The Precision-Recall (PR) curve is a graphical representation of a classifier's performance, plotted with Precision (Positive Predictive Value) on the y-axis and Recall (True Positive Rate or Sensitivity) on the x-axis. Precision is defined as the ratio of true positives (TP) to the sum of true positives and false positives (FP), while Recall is the ratio of true positives to the sum of true positives and false negatives (FN).

The PR curve is particularly informative for binary classification problems, especially when dealing with imbalanced datasets where one class is significantly underrepresented. In such cases, other metrics like accuracy can be misleading, as they can be dominated by the majority class.

The Area Under the PR Curve (PR AUC) is a single metric summarizing the information of the PR curve. It provides a measure of a model's performance across all classification thresholds. A perfect model would have a PR AUC of 1, indicating perfect precision and recall at all thresholds. Conversely, a model with no skill would have a PR AUC equal to the proportion of positive samples in the dataset.

The PR AUC is particularly useful when the positive class is of greater interest and the data is imbalanced. It is more sensitive to the performance improvements for the positive class compared to metrics like ROC AUC, which consider both positive and negative classes equally.

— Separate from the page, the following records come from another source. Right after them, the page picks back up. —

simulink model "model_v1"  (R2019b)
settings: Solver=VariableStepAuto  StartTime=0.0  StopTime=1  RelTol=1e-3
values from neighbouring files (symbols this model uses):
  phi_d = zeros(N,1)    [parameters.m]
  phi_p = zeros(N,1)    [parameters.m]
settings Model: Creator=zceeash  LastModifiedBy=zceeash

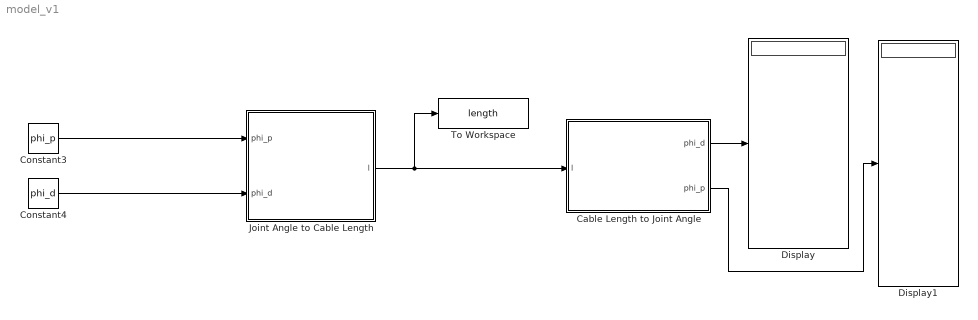
== system model_v1 ==
  " Cable Length to Joint Angle" : MATLAB Function  TreatAsAtomicUnit=on
  Constant3 : Constant  Value=phi_p
  Constant4 : Constant  Value=phi_d
  Display : Display
  Display1 : Display
  Joint Angle to Cable Length : MATLAB Function  TreatAsAtomicUnit=on
  To Workspace : ToWorkspace  VariableName=length  SampleTime=-1
  wires:
  Constant3/1 -> Joint Angle to Cable Length/1(phi_p)
  Constant4/1 -> Joint Angle to Cable Length/2(phi_d)
  " Cable Length to Joint Angle"/1(phi_d) -> Display/1
  " Cable Length to Joint Angle"/2(phi_p) -> Display1/1
  Joint Angle to Cable Length/1(l) -> " Cable Length to Joint Angle"/1(l), To Workspace/1

== matlab function model_v1/Joint Angle to Cable Length ==
  data: l output; phi_p input; phi_d input
function l = fcn(phi_p,phi_d)
N=9;
d=23/2/1000;
r=20.5/1000;
l=zeros(3*N,N);
for n=1:N
    for k=1:3*N
        if rem(n,2)==0
            delta=(12*(round((k-1)/3)+1)+120*(k-1)+90)*pi/180;
        else
            delta=(12*(round((k-1)/3)+1)+120*(k-1))*pi/180;
        end
        % delta=(360/3/n)*ceil(k/3)+360*(ceil(k/3)-1)+120*(k-3*ceil(k/3)+2);
        s_p=sin(phi_p(n));
        s_d=sin(phi_d(n));
        c_p=cos(phi_p(n));
        c_d=cos(phi_d(n));
        c_delta=cos(delta);
        s_delta=sin(delta);
        A=[ c_p        0     s_p        s_p*d;...
            s_d*s_p   c_d   -s_d*c_p   -d*s_d*c_p ;...
           -c_d*s_p   s_d    c_p*c_d    d*(c_p*c_d+1);...
            0         0      0          1];
        H=[r*c_delta;r*s_delta;0;1];
        trans_H=A*H;
        l_k_n=trans_H(1:3)-H(1:3);
        l(k,n)=abs(sqrt((l_k_n(1))^2+(l_k_n(2))^2+(l_k_n(3))^2));
    end
end

== matlab function model_v1/ Cable Length to Joint Angle ==
  data: l input; phi_d output; phi_p output
function [phi_d,phi_p] = fcn(l)
N=9;
d=23/2/1000;
r=20.5/1000;
error_tol=1/1000000;
phi_d=zeros(N,1);
phi_p=zeros(N,1);
for n=1:N
    if rem(n,2)==0
        delta_3n_0=(12*(round(((3*n)-1)/3)+1)+120*((3*n)-1)+90)*pi/180;
        delta_3n_1=(12*(round(((3*n-1)-1)/3)+1)+120*((3*n-1)-1)+90)*pi/180;
        delta_3n_2=(12*(round(((3*n-2)-1)/3)+1)+120*((3*n-2)-1)+90)*pi/180;
    else
        delta_3n_0=(12*(round(((3*n)-1)/3)+1)+120*((3*n)-1))*pi/180;
        delta_3n_1=(12*(round(((3*n-1)-1)/3)+1)+120*((3*n-1)-1))*pi/180;
        delta_3n_2=(12*(round(((3*n-2)-1)/3)+1)+120*((3*n-2)-1))*pi/180;
    end

    c_delta_3n_0=cos(delta_3n_0);
    s_delta_3n_0=sin(delta_3n_0);
    c_delta_3n_1=cos(delta_3n_1);
    s_delta_3n_1=sin(delta_3n_1);
    c_delta_3n_2=cos(delta_3n_2);
    s_delta_3n_2=sin(delta_3n_2);
   
   l_d=l(3*n-2:3*n,n);
   
   phi_j=[0;0];
   
   for j=0:1000
       s_d=sin(phi_j(1));
       s_p=sin(phi_j(2));
       c_p=cos(phi_j(2));
       c_d=cos(phi_j(1));
       l_j=[((d*s_p + r*c_p*c_delta_3n_0 - r*c_delta_3n_0)^2+...
                    (r*s_d*s_p*c_delta_3n_0 + r*c_d*s_delta_3n_0 - d*s_d*c_p - r*s_delta_3n_2)^2+...
                    (r*s_d*s_delta_3n_0 - r*c_delta_3n_0*c_d*s_p + d*c_d*c_p + d)^2)^(0.5);...
            ((d*s_p + r*c_p*c_delta_3n_0 - r*c_delta_3n_0)^2+...
                    (r*s_d*s_p*c_delta_3n_0 + r*c_d*s_delta_3n_0 - d*s_d*c_p - r*s_delta_3n_1)^2+...
                    (r*s_d*s_delta_3n_0 - r*c_delta_3n_0*c_d*s_p + d*c_d*c_p + d)^2)^(0.5);...
            ((d*s_p + r*c_p*c_delta_3n_0 - r*c_delta_3n_0)^2+...
                    (r*s_d*s_p*c_delta_3n_0 + r*c_d*s_delta_3n_0 - d*s_d*c_p - r*s_delta_3n_0)^2+...
                    (r*s_d*s_delta_3n_0 - r*c_delta_3n_0*c_d*s_p + d*c_d*c_p + d)^2)^(0.5)];
       delta_l=l_d-l_j;
       
       if (delta_l(1)<=error_tol) && (delta_l(2)<=error_tol) && (delta_l(3)<=error_tol)
           phi_d(n)=phi_j(1);
           phi_p(n)=phi_j(2);
           break;
       end
       
        dl_3n_0_dp=0.5*((d*s_p + r*c_p*c_delta_3n_0 - r*c_delta_3n_0)^2+...
                    (r*s_d*s_p*c_delta_3n_0 + r*c_d*s_delta_3n_0 - d*s_d*c_p - r*s_delta_3n_0)^2+...
                    (r*s_d*s_delta_3n_0 - r*c_delta_3n_0*c_d*s_p + d*c_d*c_p + d)^2)^(-0.5)*...
                    (2*(d*s_p + r*c_p*c_delta_3n_0 - r*c_delta_3n_0)*(d*c_p - r*s_p*c_delta_3n_0 - r*c_delta_3n_0)+...
                    2*(r*s_d*s_p*c_delta_3n_0 + r*c_d*s_delta_3n_0 - d*s_d*c_p - r*s_delta_3n_0)*(r*c_delta_3n_0*s_d*c_p + d*s_d*s_p)+...
                    2*(r*s_d*s_delta_3n_0 - r*c_delta_3n_0*c_d*s_p + d*c_d*c_p + d)*(- r*c_d*c_p*c_delta_3n_0 - d*c_d*s_p));
                
        dl_3n_0_dd=0.5*((d*s_p + r*c_p*c_delta_3n_0 - r*c_delta_3n_0)^2+...
                    (r*s_d*s_p*c_delta_3n_0 + r*c_d*s_delta_3n_0 - d*s_d*c_p - r*s_delta_3n_0)^2+...
                    (r*s_d*s_delta_3n_0 - r*c_delta_3n_0*c_d*s_p + d*c_d*c_p + d)^2)^(-0.5)*...
                    (2*(d*s_p + r*c_p*c_delta_3n_0 - r*c_delta_3n_0)*(0)+...
                    2*(r*s_d*s_p*c_delta_3n_0 + r*c_d*s_delta_3n_0 - d*s_d*c_p - r*s_delta_3n_0)*(-r*c_delta_3n_0*c_d*c_p - d*c_d*s_p)+...
                    2*(r*s_d*s_delta_3n_0 - r*c_delta_3n_0*c_d*s_p + d*c_d*c_p + d)*(r*c_d*s_delta_3n_0 + r*c_delta_3n_0*s_d*s_p - d*s_d*c_p));    
                     
        dl_3n_1_dp=0.5*((d*s_p + r*c_p*c_delta_3n_1 - r*c_delta_3n_1)^2+...
                    (r*s_d*s_p*c_delta_3n_1 + r*c_d*s_delta_3n_1 - d*s_d*c_p - r*s_delta_3n_1)^2+...
                    (r*s_d*s_delta_3n_1 - r*c_delta_3n_1*c_d*s_p + d*c_d*c_p + d)^2)^(-0.5)*...
                    (2*(d*s_p + r*c_p*c_delta_3n_1 - r*c_delta_3n_1)*(d*c_p - r*s_p*c_delta_3n_1 - r*c_delta_3n_1)+...
                     2*(r*s_d*s_p*c_delta_3n_1 + r*c_d*s_delta_3n_1 - d*s_d*c_p - r*s_delta_3n_1)*(r*c_delta_3n_1*s_d*c_p + d*s_d*s_p)+...
                     2*(r*s_d*s_delta_3n_1 - r*c_delta_3n_1*c_d*s_p + d*c_d*c_p + d)*(- r*c_d*c_p*c_delta_3n_1 - d*c_d*s_p));
                 
       dl_3n_1_dd=0.5*((d*s_p + r*c_p*c_delta_3n_1 - r*c_delta_3n_1)^2+...
                    (r*s_d*s_p*c_delta_3n_1 + r*c_d*s_delta_3n_1 - d*s_d*c_p - r*s_delta_3n_1)^2+...
                    (r*s_d*s_delta_3n_1 - r*c_delta_3n_1*c_d*s_p + d*c_d*c_p + d)^2)^(-0.5)*...
                    (2*(d*s_p + r*c_p*c_delta_3n_1 - r*c_delta_3n_1)*(0)+...
                    2*(r*s_d*s_p*c_delta_3n_1 + r*c_d*s_delta_3n_1 - d*s_d*c_p - r*s_delta_3n_1)*(-r*c_delta_3n_1*c_d*c_p - d*c_d*s_p)+...
                    2*(r*s_d*s_delta_3n_1 - r*c_delta_3n_1*c_d*s_p + d*c_d*c_p + d)*( r*c_d*s_delta_3n_1 + r*c_delta_3n_1*s_d*s_p - d*s_d*c_p));  
                
       dl_3n_2_dp=0.5*((d*s_p + r*c_p*c_delta_3n_2 - r*c_delta_3n_2)^2+...
                    (r*s_d*s_p*c_delta_3n_2 + r*c_d*s_delta_3n_2 - d*s_d*c_p - r*s_delta_3n_2)^2+...
                    (r*s_d*s_delta_3n_2 - r*c_delta_3n_2*c_d*s_p + d*c_d*c_p + d)^2)^(-0.5)*...
                    (2*(d*s_p + r*c_p*c_delta_3n_2 - r*c_delta_3n_2)*(d*c_p - r*s_p*c_delta_3n_2 - r*c_delta_3n_2)+...
                    2*(r*s_d*s_p*c_delta_3n_2 + r*c_d*s_delta_3n_2 - d*s_d*c_p - r*s_delta_3n_2)*(r*c_delta_3n_2*s_d*c_p + d*s_d*s_p)+...
                    2*(r*s_d*s_delta_3n_2 - r*c_delta_3n_2*c_d*s_p + d*c_d*c_p + d)*(-r*c_d*c_p*c_delta_3n_2 - d*c_d*s_p));
                
       dl_3n_2_dd=0.5*((d*s_p + r*c_p*c_delta_3n_2 - r*c_delta_3n_2)^2+...
                    (r*s_d*s_p*c_delta_3n_2 + r*c_d*s_delta_3n_2 - d*s_d*c_p - r*s_delta_3n_2)^2+...
                    (r*s_d*s_delta_3n_2 - r*c_delta_3n_2*c_d*s_p + d*c_d*c_p + d)^2)^(-0.5)*...
                    (2*(d*s_p + r*c_p*c_delta_3n_2 - r*c_delta_3n_2)*(0)+...
                    2*(r*s_d*s_p*c_delta_3n_2 + r*c_d*s_delta_3n_2 - d*s_d*c_p - r*s_delta_3n_2)*(-r*c_delta_3n_2*c_d*c_p - d*c_d*s_p)+...
                    2*(r*s_d*s_delta_3n_2 - r*c_delta_3n_2*c_d*s_p + d*c_d*c_p + d)*(r*c_d*s_delta_3n_2 + r*c_delta_3n_2*s_d*s_p - d*s_d*c_p));
                
       J=[dl_3n_2_dd dl_3n_2_dp;...
          dl_3n_1_dd dl_3n_1_dp;...
          dl_3n_0_dd dl_3n_0_dp];
       J_inv=pinv(J);
       
       delta_phi= J_inv*delta_l;
       phi_j=phi_j+delta_phi;
       
       if j==1000
           phi_d(n)=NaN;
           phi_p(n)=NaN;
       end
   end
   
end


%     t1=d*s_p + r*c_p*c_delta_3n_0 - r*c_delta_3n_0;
%     t2=r*s_d*s_p*c_delta_3n_0 + r*c_d*s_delta_3n_0 - d*s_d*c_p - r*s_delta_3n_0;
%     t3=r*s_d*s_delta_3n_0 - r*c_delta_3n_0*c_d*s_p + d*c_d*c_p + d;
%     t1_p=d*c_p - r*s_p*c_delta_3n_0 - r*c_delta_3n_0;
%     t2_p=r*c_delta_3n_0*s_d*c_p + d*s_d*s_p;
%     t3_p= - r*c_d*c_p*c_delta_3n_0 - d*c_d*s_p;
%     t1_d=0;
%     t2_d=-r*c_delta_3n_0*c_d*c_p - d*c_d*s_p;
%     t3_d= r*c_d*s_delta_3n_0 + r*c_delta_3n_0*s_d*s_p - d*s_d*c_p;

% dl_3n_1_dp=0.5*((t1)^2+...
%                     (t2)^2+...
%                     (t3)^2)^(-0.5)*...
%                     (2*(t1)*(t1/p)+...
%                     2*(t2)*(t2/p)+...
%                     2*(t3)*(t3/p));
%                 
% dl_3n_2_dd=0.5*((t1)^2+...
%                 (t2)^2+...
%                 (t3)^2)^(-0.5)*...
%                 (2*(t1)*(t1/d)+...
%                 2*(t2)*(t2/d)+...
%                 2*(t3)*(t3/d));

%     dl_3n_0_dp=0.5*((t1)^2+(t2)^2+(t3)^2)^(-0.5)*(2*(t1)*(t1/p)+2*(t2)*(t2/p)+2*(t3)*(t3/p));
%     dl_3n_0_dd=0.5*((t1)^2+(t2)^2+(t3)^2)^(-0.5)*(2*(t1)*(t1/d)+2*(t2)*(t2/d)+2*(t3)*(t3/d));

In practice, the PR curve is created by varying the threshold for predicting a positive or negative outcome and plotting the resulting precision and recall values. The PR AUC is then calculated as the area under this curve.

How is PR AUC different from ROC-AUC?

PR AUC and ROC AUC are metrics for assessing classification models, each sensitive to different model performance aspects. ROC AUC evaluates a model's discriminative ability between classes by plotting True Positive Rate (TPR) versus False Positive Rate (FPR) across thresholds, with an area of 1.0 signifying perfect classification. This metric is ideal for balanced datasets and when both classes are of equal importance.

Conversely, PR AUC focuses on a model's ability to identify positive cases, especially in imbalanced datasets. It plots Precision against Recall for various thresholds, where Precision is the ratio of true positives to all positive predictions, and Recall is the ratio of true positives to all actual positives. The area under this curve represents the PR AUC score, with 1.0 reflecting ideal precision and recall. PR AUC is preferred when the positive class is more critical, offering greater sensitivity to detecting positive class improvements.

More terms

What is Amazon Bedrock?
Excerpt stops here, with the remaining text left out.